That's how I took the post anyway.


----------



## Thor (Oct 31, 2011)

Broder, don't make a move until talking to an attorney.

The only reasons the police ask questions or collect information is A) to determine if they need to arrest somebody, and B) to provide evidence to the prosecutor to use against you.

That Miranda warning is literally correct, anything you say can and WILL be used against you.
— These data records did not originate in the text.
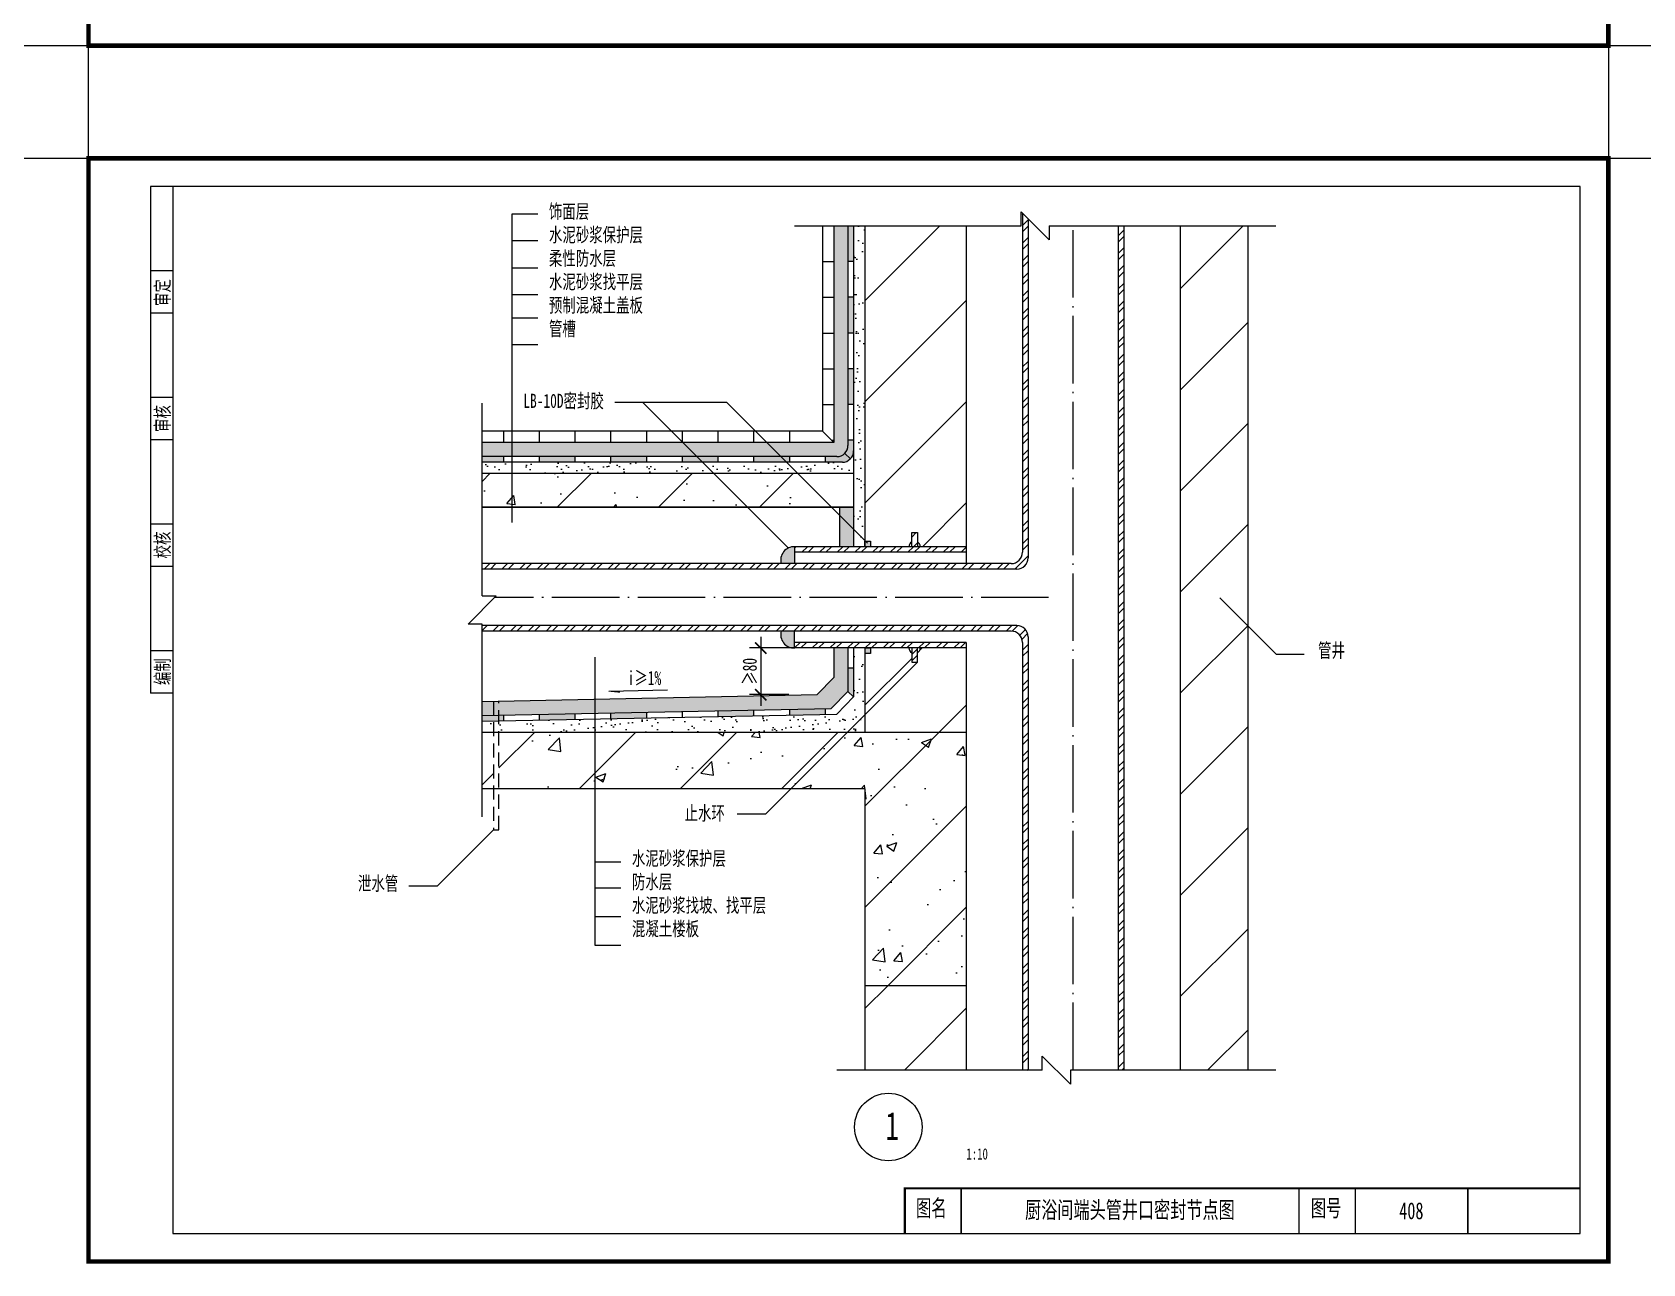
# Model space of a CAD drawing. Extents: x -1435 to -294, y -762 to 85.
# Drawn here: x -864.8 to -578.7, y -762.3 to -543.5 of the extents above; entities that cross this region are included whole.
import ezdxf

# ---------------------------------------------------------------- set-up
doc = ezdxf.new("R2010")
doc.units = 0
for name, pattern in [('ACAD_ISO02W100', [15, 12, -3]), ('ACAD_ISO04W100', [30.5, 24, -3, 0.5, -3]), ('DASHED', [0.75, 0.5, -0.25])]:
    doc.linetypes.add(name, pattern=pattern)
doc.layers.get('0').update_dxf_attribs({"linetype": 'CONTINUOUS'})
doc.layers.get('DEFPOINTS').update_dxf_attribs({"linetype": 'CONTINUOUS'})
doc.styles.get("Standard").update_dxf_attribs({"font": 'SimSun.ttf', "width": 0.7, "height": 2.5})
doc.dimstyles.get("Standard").update_dxf_attribs({"dimtxt": 0.18, "dimasz": 0.18, "dimexe": 0.18, "dimexo": 0.0625, "dimgap": 0.09, "dimtad": 0, "dimtih": 1, "dimtoh": 1, "dimdec": 4, "dimzin": 0, "dimdsep": 46, "dimtxsty": 'Standard', "dimcen": 0.09, "dimadec": 0, "dimazin": 0, "dimtfac": 1, "dimtdec": 4, "dimtofl": 0, "dimtmove": 0, "dimatfit": 3, "dimfxl": 0, "dimtolj": 1, "dimtzin": 0, "dimarcsym": 0})
pattern_1 = [(45, (0, 0), (-1.571545, 1.571545), []), (45, (0, 1.1113), (-1.571545, 1.571545), [])]

# ---------------------------------------------------------------- blocks, each defined once
blk = doc.blocks.new('_ARCHTICK')
at = {"color": 0, "linetype": 'ByBlock', "const_width": 0.15}
blk.add_lwpolyline([(-0.5, -0.5), (0.5, 0.5)], dxfattribs=at)
blk = doc.blocks.new('*D20')
at = {"color": 0, "linetype": 'ByBlock'}
for p, q in [((-735.39, -650.85), (-735.39, -663.14)), ((-727.4, -652.85), (-737.39, -652.85)), ((-730.4, -661.14), (-737.39, -661.14))]:
    blk.add_line(p, q, dxfattribs=at)
at = {"layer": 'DEFPOINTS', "color": 0, "linetype": 'ByBlock'}
for p in [(-722.4, -652.85), (-735.39, -661.14), (-725.4, -661.14)]:
    blk.add_point(p, dxfattribs=at)
at = {"color": 0, "linetype": 'ByBlock', "xscale": 2, "yscale": 2, "zscale": 2}
for p, rotation in [((-735.39, -652.85), 90), ((-735.39, -661.14), 270)]:
    blk.add_blockref('_ARCHTICK', p, dxfattribs=dict(at, rotation=rotation))
at = {"color": 0, "linetype": 'ByBlock', "insert": (-737.33, -657), "char_height": 2.5, "attachment_point": 5, "rotation": 90}
blk.add_mtext('\\A1;≥80', dxfattribs=at)
blk = doc.blocks.new('X1')
blk.add_circle((-0.07, -0.01), 6)
at = {"insert": (-0.57, 2.69), "char_height": 5, "width": 2.34, "attachment_point": 1}
blk.add_mtext('1', dxfattribs=at)

msp = doc.modelspace()

# ---------------------------------------------------------------- hatches: boundary and pattern name
h = msp.add_hatch()
h.set_pattern_fill('STEEL', color=256, scale=0.7, style=0)
h.set_pattern_definition(pattern_1)
h.paths.add_polyline_path([(-670.9, -577.85), (-671.9, -577.85), (-671.9, -727.85), (-670.9, -727.85)])
h.paths.add_polyline_path([(-687.9, -576.6), (-688.9, -575.6), (-688.9, -635.85, -0.414214), (-690.9, -637.85), (-784.9, -637.85), (-784.9, -638.85), (-689.9, -638.85, 0.414214), (-687.9, -636.85)])
h.paths.add_polyline_path([(-689.9, -648.85), (-784.9, -648.85), (-784.9, -649.85), (-690.9, -649.85, -0.414214), (-688.9, -651.85), (-688.9, -727.85), (-687.9, -727.85), (-687.9, -650.85, 0.414214)])
h.paths.add_polyline_path([(-698.9, -634.85), (-729.4, -634.85), (-729.4, -635.85), (-698.9, -635.85)], flags=17)
h.paths.add_polyline_path([(-698.9, -651.85), (-729.4, -651.85), (-729.4, -652.85), (-698.9, -652.85)], flags=17)
h = msp.add_hatch()
h.set_pattern_fill('AR-SAND', color=256, scale=0.05, style=0)
h.paths.add_polyline_path([(-779.57, -616.35), (-784.9, -616.35), (-784.9, -618.85), (-779.57, -618.85)])
h.paths.add_polyline_path([(-749.23, -616.35), (-779.57, -616.35), (-779.57, -618.85), (-746.73, -618.85)])
h.paths.add_polyline_path([(-734.33, -616.35), (-749.23, -616.35), (-746.73, -618.85), (-731.83, -618.85)])
h.paths.add_polyline_path([(-719.9, -616.85), (-719.9, -577.85), (-722.4, -577.85), (-722.4, -616.35), (-734.33, -616.35), (-731.83, -618.85), (-721.9, -618.85, 0.414214)])
h.paths.add_polyline_path([(-764.89, -661.93), (-781.9, -662.27), (-781.9, -664.79), (-764.89, -664.45)])
h.paths.add_polyline_path([(-781.9, -662.27), (-782.9, -662.29), (-782.9, -664.81), (-781.9, -664.79)])
h.paths.add_polyline_path([(-782.9, -662.29), (-784.9, -662.33), (-784.9, -664.85), (-782.9, -664.81)])
h.paths.add_polyline_path([(-719.9, -660.55), (-719.9, -652.85), (-722.4, -652.85), (-722.4, -658.08), (-725.4, -661.14), (-764.89, -661.93), (-764.89, -664.45), (-722.9, -663.61)])
h.paths.add_polyline_path([(-718.9, -631.78), (-721.4, -629.28), (-721.4, -634.85), (-718.9, -634.85)])
h.paths.add_polyline_path([(-718.9, -627.85), (-721.4, -627.85), (-721.4, -629.28), (-718.9, -631.78)])
h = msp.add_hatch()
h.set_pattern_fill('AR-SAND', color=256, scale=0.07, style=0)
h.paths.add_polyline_path([(-716.9, -664.67), (-716.9, -652.85), (-718.9, -652.85), (-718.9, -661.53), (-721.9, -664.59), (-764.89, -665.45), (-764.89, -667.85), (-720.07, -667.85)])
h.paths.add_polyline_path([(-764.89, -665.45), (-781.9, -665.79), (-781.9, -667.85), (-764.89, -667.85)])
h.paths.add_polyline_path([(-716.9, -664.67), (-720.07, -667.85), (-716.9, -667.85)], flags=16)
h.paths.add_polyline_path([(-781.9, -665.79), (-782.9, -665.81), (-782.9, -667.85), (-781.9, -667.85)])
h.paths.add_polyline_path([(-782.9, -665.81), (-784.9, -665.85), (-784.9, -667.85), (-782.9, -667.85)])
h.paths.add_polyline_path([(-745.73, -619.85), (-779.57, -619.85), (-779.57, -621.85), (-743.73, -621.85)])
h.paths.add_polyline_path([(-779.57, -619.85), (-784.9, -619.85), (-784.9, -621.85), (-779.57, -621.85)])
h.paths.add_polyline_path([(-730.83, -619.85), (-745.73, -619.85), (-743.73, -621.85), (-728.83, -621.85)])
h.paths.add_polyline_path([(-718.9, -617.85, -0.414214), (-720.9, -619.85), (-730.83, -619.85), (-728.83, -621.85), (-718.9, -621.85)])
h.paths.add_polyline_path([(-716.9, -577.85), (-718.9, -577.85), (-718.9, -631.78), (-716.9, -633.78)])
h = msp.add_hatch(color=256)
h.paths.add_polyline_path([(-720.48, -618.27, -0.198912), (-721.9, -618.85), (-723.9, -618.85), (-723.9, -619.85), (-720.9, -619.85, 0.198912), (-719.48, -619.27)])
h.paths.add_polyline_path([(-718.9, -615.95), (-719.9, -615.95), (-719.9, -616.85, -0.198912), (-720.48, -618.27), (-719.48, -619.27, 0.198912), (-718.9, -617.85)])
h.paths.add_polyline_path([(-718.9, -603.25), (-719.9, -603.25), (-719.9, -609.6), (-718.9, -609.6)])
h.paths.add_polyline_path([(-718.9, -590.55), (-719.9, -590.55), (-719.9, -596.9), (-718.9, -596.9)])
h.paths.add_polyline_path([(-718.9, -577.85), (-719.9, -577.85), (-719.9, -584.2), (-718.9, -584.2)])
h.paths.add_polyline_path([(-730.25, -618.85), (-731.83, -618.85), (-730.83, -619.85), (-730.25, -619.85)])
h.paths.add_polyline_path([(-731.83, -618.85), (-736.6, -618.85), (-736.6, -619.85), (-730.83, -619.85)])
h.paths.add_polyline_path([(-742.95, -618.85), (-746.73, -618.85), (-745.73, -619.85), (-742.95, -619.85)])
h.paths.add_polyline_path([(-746.73, -618.85), (-749.3, -618.85), (-749.3, -619.85), (-745.73, -619.85)])
h.paths.add_polyline_path([(-755.65, -618.85), (-762, -618.85), (-762, -619.85), (-755.65, -619.85)])
h.paths.add_polyline_path([(-768.35, -618.85), (-774.7, -618.85), (-774.7, -619.85), (-768.35, -619.85)])
h.paths.add_polyline_path([(-781.05, -618.85), (-784.9, -618.85), (-784.9, -619.85), (-781.05, -619.85)])
h.paths.add_polyline_path([(-723.9, -663.63), (-730.25, -663.76), (-730.25, -664.76), (-723.9, -664.63)])
h.paths.add_polyline_path([(-736.6, -663.88), (-742.95, -664.01), (-742.95, -665.01), (-736.6, -664.88)])
h.paths.add_polyline_path([(-755.65, -664.27), (-762, -664.39), (-762, -665.39), (-755.65, -665.27)])
h.paths.add_polyline_path([(-768.35, -664.52), (-774.7, -664.65), (-774.7, -665.65), (-768.35, -665.52)])
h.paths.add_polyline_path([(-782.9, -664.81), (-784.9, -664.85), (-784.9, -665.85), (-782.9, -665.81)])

If the police have closed their investigation you might be off the hook. If no charges were filed and if you were never arrested there probably is no public record to be found by a future employer etc. However, I would still contact an attorney for several reasons.

1) Ensure the case is closed with a clear determination that you were not stalking, and that the complaint was entirely false from the beginning.

2) Protect you in the event of a future legal complaint by anybody for anything. You don't want this to be used against you as proof of your "troubled past".

3) Have a lawyer vet everything you may pass on to the police to be sure it only helps you.

Give up the idea of proving yourself to the husband. Let him hate you if he wants. Let him believe his wife is pure and innocent if he wants. Give up the idea of striking back at her. They are none of your concern any longer.


----------



## broder62 (Aug 17, 2012)

Okay. This is what I am considering. Everything is ready. I'm thinking I just send the evidence to the police. True, the investigation was unfounded. The evidence is being sent to prove both of them lied to the police. I'm a little undecided on this:

a.Send EVERY text, facebook chat, photos (2 semi-nude she sexted me), hotel receipts, cards, etc; 

OR

b. Just A LITTLE BIT of the above to make the point (and no photos)?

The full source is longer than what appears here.